I'd have dropped Manufacturer A from the supplier list and used the A only model for the remainder of their drives. Then I'd have another go with SmarterCTL for "not A".
Maybe training with actual bottom-line utility function would have shown some use case, that is, instead of MCC you would have predicted whether sending a person to change the drive now before it fails would cost less than letting it fail and cleaning up afterwards.
But if the drives are part of redundant array, it would be almost always cheapest to let them fail.. and if large part of failures are asymptomatic, you need the array anyway for critical stuff, so I suppose it's a useless exercise.
They sample the SMART metrics once a day. Would more frequent samples would provide a better signal?
For example, perhaps the read errors number increases about once a week. But in the week before a failure, it increases once a day. Or in the day before a failure, it increases once an hour.
OS-level metrics could also be predictive: write latency, i/o queue length, communication errors, and checksum errors in read data.
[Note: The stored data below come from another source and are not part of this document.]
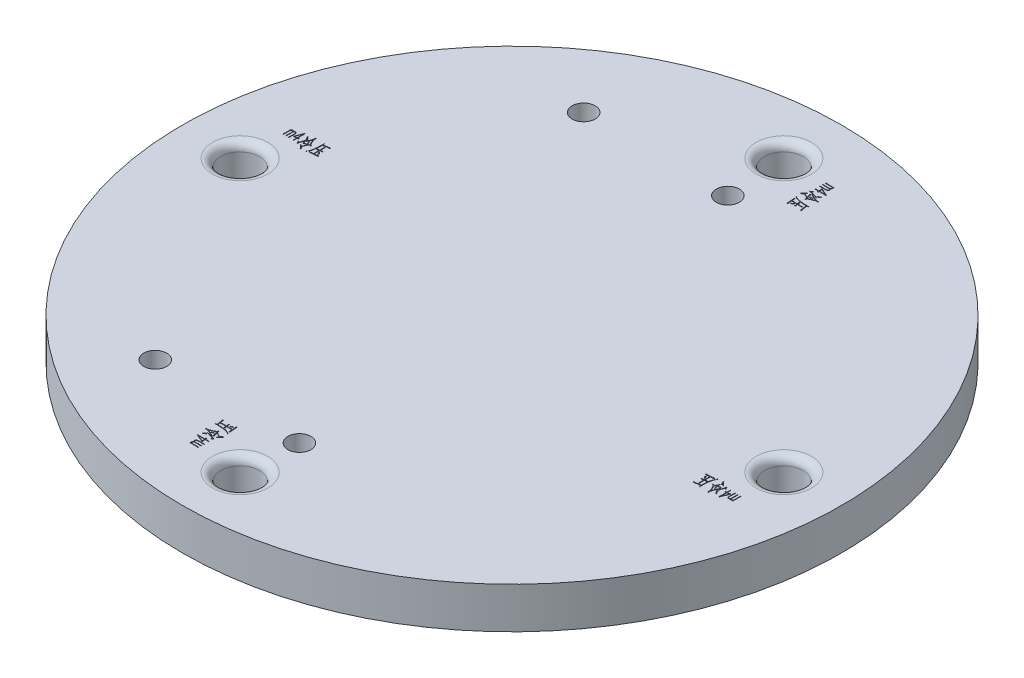
SolidWorks part; units mm, degrees
ref_plane "前视基准面" through (0, 0, 0) normal (0, 0, 1) x (1, 0, 0)
ref_plane "上视基准面" through (0, 0, 0) normal (0, 1, 0) x (1, 0, 0)
ref_plane "右视基准面" through (0, 0, 0) normal (1, 0, 0) x (0, 0, -1)
sketch "草图1" plane through (0, 0, 0) normal (0, 1, 0) x (1, 0, 0)
  line L14 (0, 0) -> (35, 0)
  line L15 (0, 0) -> (0, -35)
  circle A0 centre (0, 0) radius 40
  circle A5 centre (0, 0) radius 35
  circle A6 centre (0, 0) radius 34
  circle A7 centre (0, -34) radius 1
  circle A8 centre (0, -33) radius 2
  dimension "D1" = 80
  dimension "D2" = 70
  dimension "D3" = 68
sketch "草图3" plane through (0, 0, 0) normal (0, 1, 0) x (1, 0, 0)
  circle A0 centre (0, -33) radius 2 construction
  circle A1 centre (0, -33) radius 2
  circle A2 centre (0, 0) radius 33
  circle A3 centre (-32.999, 0.001) radius 2
  circle A4 centre (0.002, 33) radius 2
  circle A5 centre (33.001, -0.001) radius 2
  point P15 (0.001, 0)
  dimension "D2" = 4
  dimension "D1" = 4
sketch "草图4" plane through (0, 0, 0) normal (0, 1, 0) x (1, 0, 0)
  circle A0 centre (0, 0) radius 40 construction
  circle A1 centre (0, 0) radius 40
extrude "凸台-拉伸1" add sketch "草图4" along normal blind 5
sketch "草图6" plane through (0, 0, 0) normal (0, 1, 0) x (1, 0, 0)
  circle A14 centre (0.002, 33) radius 2 construction
  circle A16 centre (-32.999, 0.001) radius 2.35
  circle A17 centre (0, -33) radius 2.35
  circle A18 centre (33.001, -0.001) radius 2.35
  circle A19 centre (0.002, 33) radius 2.35
  dimension "D2" = 4.7
extrude "固定轴承内圈的四个冷压孔" cut sketch "草图6" along normal up to surface (5 mm away) up to face at (0, 5, 40)
fillet "圆角1" radius 1 4 edges at (0.002, 5, -30.65) (33.001, 5, 2.351) (0, 5, 35.35) (-32.999, 5, 2.349)
ref_plane "基准面1" through (0, 5, 0) normal (0, 1, 0) x (1, 0, 0)
sketch "草图8" plane through (0, 5, 0) normal (0, 1, 0) x (1, 0, 0)
  line L0 (0.002, 33) -> (-32.999, 0.001)
  line L1 (0.002, 33) -> (33.001, -0.001)
  line L2 (-32.999, 0.001) -> (0, -33)
  line L3 (33.001, -0.001) -> (0, -33)
  line L5 (33.001, -0.001) -> (28.0007, -0.001)
  line L6 (33.001, -0.001) -> (33.001, -5.001)
  line L7 (33.001, -5.001) -> (28.0007, -5.001)
  line L8 (28.0007, -0.001) -> (28.0007, -5.001)
  line L9 (0.002, 33) -> (5.002, 33)
  line L10 (0.002, 33) -> (0.002, 27.9997)
  line L11 (0.002, 27.9997) -> (5.002, 27.9997)
  line L12 (5.002, 33) -> (5.002, 27.9997)
  line L13 (-32.999, 0.001) -> (-27.9987, 0.001)
  line L14 (-32.999, 0.001) -> (-32.999, 5.001)
  line L15 (-32.999, 5.001) -> (-27.9987, 5.001)
  line L16 (-27.9987, 0.001) -> (-27.9987, 5.001)
  line L17 (0, -33) -> (-5, -33)
  line L18 (0, -33) -> (0, -27.9997)
  line L19 (0, -27.9997) -> (-5, -27.9997)
  line L20 (-5, -33) -> (-5, -27.9997)
  circle A0 centre (0, 0) radius 33
  circle A1 centre (-32.999, 0.001) radius 2.35 construction
  circle A2 centre (-32.999, 0.001) radius 2.35
  circle A3 centre (0.002, 33) radius 2.35 construction
  circle A4 centre (0.002, 33) radius 2.35
  circle A5 centre (0, -33) radius 2.35 construction
  circle A6 centre (0, -33) radius 2.35
  circle A7 centre (0, 0) radius 40 construction
  circle A8 centre (0, 0) radius 40
  dimension "D1" = 5
  dimension "D5" = 66
  dimension "D6" = 80
  dimension "D2" = 5
  dimension "D3" = 5
  dimension "D4" = 5
sketch "草图9" plane through (0, 5, 0) normal (0, 1, 0) x (1, 0, 0)
  text T0 "m4冷压" font "汉仪长仿宋体" height 1.5
  text T1 "m4冷压" font "汉仪长仿宋体" height 1.5
  text T2 "m4冷压" font "汉仪长仿宋体" height 1.5
  text T3 "m4冷压\r\n" font "汉仪长仿宋体" height 1.5
extrude "切除-拉伸1" cut sketch "草图9" against normal blind 0.5
sketch "草图10" plane through (0, 5, 0) normal (0, 1, 0) x (1, 0, 0)
  line L0 (-15.7182, 20.6662) -> (-25.7182, 20.6662)
  line L1 (-25.7182, 20.6662) -> (-25.7182, -21.3338)
  line L2 (-25.7182, -21.3338) -> (-15.7182, -21.3338)
  line L3 (-15.7182, -21.3338) -> (-15.7182, 20.6662)
  line L4 (4.7818, 30.6662) -> (4.7818, -31.3338)
  line L5 (25.2818, -21.3338) -> (25.2818, 20.6662)
  line L6 (22.2818, 30.6662) -> (4.7818, 20.6662)
  line L7 (22.2818, 30.6662) -> (22.2818, -31.3338)
  line L8 (-12.7182, 30.6662) -> (-15.7182, 30.6662)
  line L9 (-15.7182, 30.6662) -> (-15.7182, -31.3338)
  line L10 (-15.7182, -31.3338) -> (-12.7182, -31.3338)
  line L11 (-12.7182, -31.3338) -> (-12.7182, 30.6662)
  line L12 (22.2818, 20.6662) -> (22.2818, 30.6662)
  line L13 (22.2818, 30.6662) -> (-12.7182, 30.6662)
  line L14 (-12.7182, 30.6662) -> (-12.7182, 20.6662)
  line L15 (-12.7182, 20.6662) -> (22.2818, 20.6662)
  line L16 (22.2818, -31.3338) -> (22.2818, -21.3338)
  line L17 (-12.7182, -31.3338) -> (22.2818, -31.3338)
  line L18 (-12.7182, -21.3338) -> (-12.7182, -31.3338)
  line L19 (22.2818, -21.3338) -> (-12.7182, -21.3338)
  line L20 (22.2818, 20.6662) -> (-12.7182, 20.6662)
  line L21 (-12.7182, 20.6662) -> (-12.7182, -21.3338)
  line L22 (-12.7182, -21.3338) -> (22.2818, -21.3338)
  line L23 (22.2818, -21.3338) -> (22.2818, 20.6662)
  line L24 (22.2818, -21.3338) -> (25.2818, -21.3338)
  line L25 (22.2818, 20.6662) -> (25.2818, 20.6662)
  line L26 (-12.7182, -21.3338) -> (-15.7182, -21.3338)
  line L27 (-12.7182, 20.6662) -> (-15.7182, 20.6662)
  line L28 (22.2818, 20.6662) -> (4.7818, 30.6662)
  line L29 (4.7818, 30.6662) -> (-12.7182, 20.6662)
  line L30 (4.7818, 20.6662) -> (-12.7182, 30.6662)
  line L31 (22.2818, -21.3338) -> (4.7818, -31.3338)
  line L32 (22.2818, -31.3338) -> (4.7818, -21.3338)
  line L33 (4.7818, -21.3338) -> (-12.7182, -31.3338)
  line L34 (4.7818, -31.3338) -> (-12.7182, -21.3338)
  circle A0 centre (0, 0) radius 33
  circle A1 centre (13.5318, 25.6662) radius 1.4
  circle A2 centre (-3.9682, 25.6662) radius 1.4
  circle A3 centre (13.5318, -26.3338) radius 1.4
  circle A4 centre (-3.9682, -26.3338) radius 1.4
  dimension "D1" = 66
  dimension "D2" = 2.8
  dimension "D3" = 2.8
  dimension "D4" = 2.8
  dimension "D5" = 2.8
sketch "草图11" plane through (0, 5, 0) normal (0, 1, 0) x (1, 0, 0)
  circle A0 centre (0.5318, -26.3338) radius 1.4
  circle A1 centre (0.5318, 25.6662) radius 1.4
  circle A2 centre (-16.9682, 25.6662) radius 1.4
  circle A3 centre (-16.9682, -26.3338) radius 1.4
extrude "切除-拉伸2" cut sketch "草图11" against normal up to surface (5 mm away) up to face at (-32.999, 0, 2.349)

It would be interesting to empirically identify the state space that leads to increased probability of failure and then seek to understand the rationale for this failure through physics. Ultimately, the ML model is picking up on some combination of factors that exposes physical weaknesses of the device.
My understanding is that SMART is not effective because it only catches (some) mechanical problems and that about half of the time it is the logic board that went bad.
You can filter out some of the bad drives ahead of time, but you will still get blindsided much of the time.
Assuming you don’t have an early fail drive, it has one usable stat, “Power On Hours”. When that begins to creep towards 40,000 you will have a failed drive sooner than later.
As for the rest of the counter, raw read error rate, relocated sector count and friends are also good indications that your drive might not be in the best shape. They don’t say anything about when it will fail though. I’ve had a drive rack up 20 relocated sectors in a couple of weeks, only to stay at 20 for 4 years after that.
And load cycle count is only good for telling if you’re within manufacturer parameters. I frequently see old drives with Load Cycle Count 10-25 times the rated value, and they work just “fine”.
1. Extreme imbalance and survivorship bias. The dataset is unwieldy because of the imbalance, no matter the algorithm; and too small if you balance it.
2. I would take a daily/weekly/monthly diff between different values and time to failure, and obviously only from drives that ACTUALLY failed. All drives fail, but data from healhty drives is useless as it lacks the target value. In practice you want to predict how close they are to failing and act preemptively, tagging them as OK and KO completely misses the target (hehe) IMO.
3. Drive maker and model should be vectorized and fed into the model. Mandatory. Different manufacturers and models show different SMART behaviors, and while some stats are red flags in certain drives, they mean nothing in others.
4. This is more of a personal preference, but I like random trees to test whether the dataset is useful. They're not perfect but they give reasonably good results for most tasks, and tend not to overfit, so you can use it as overfitting benchmark vs other algorithms. If they don't either the dataset is shit or it needs some transformation, or the model needs to be more complex (but that's easy to see). Obviously this applies to classifiers and regressions, and not to many other ML tasks.
Neat ML exercise, though it wasn't the right solution for the problem.
What is the right solution at consumer level though? I currently run smartmontools at regular intervals, compare the TBW with manufacturer's TBW and send a MQTT message using a script.
It’s a bit of a breath of fresh air to see a post like this where someone clearly puts the work in to try and solve a given problem with ML and is able to articulate the failure modes of the approach so well.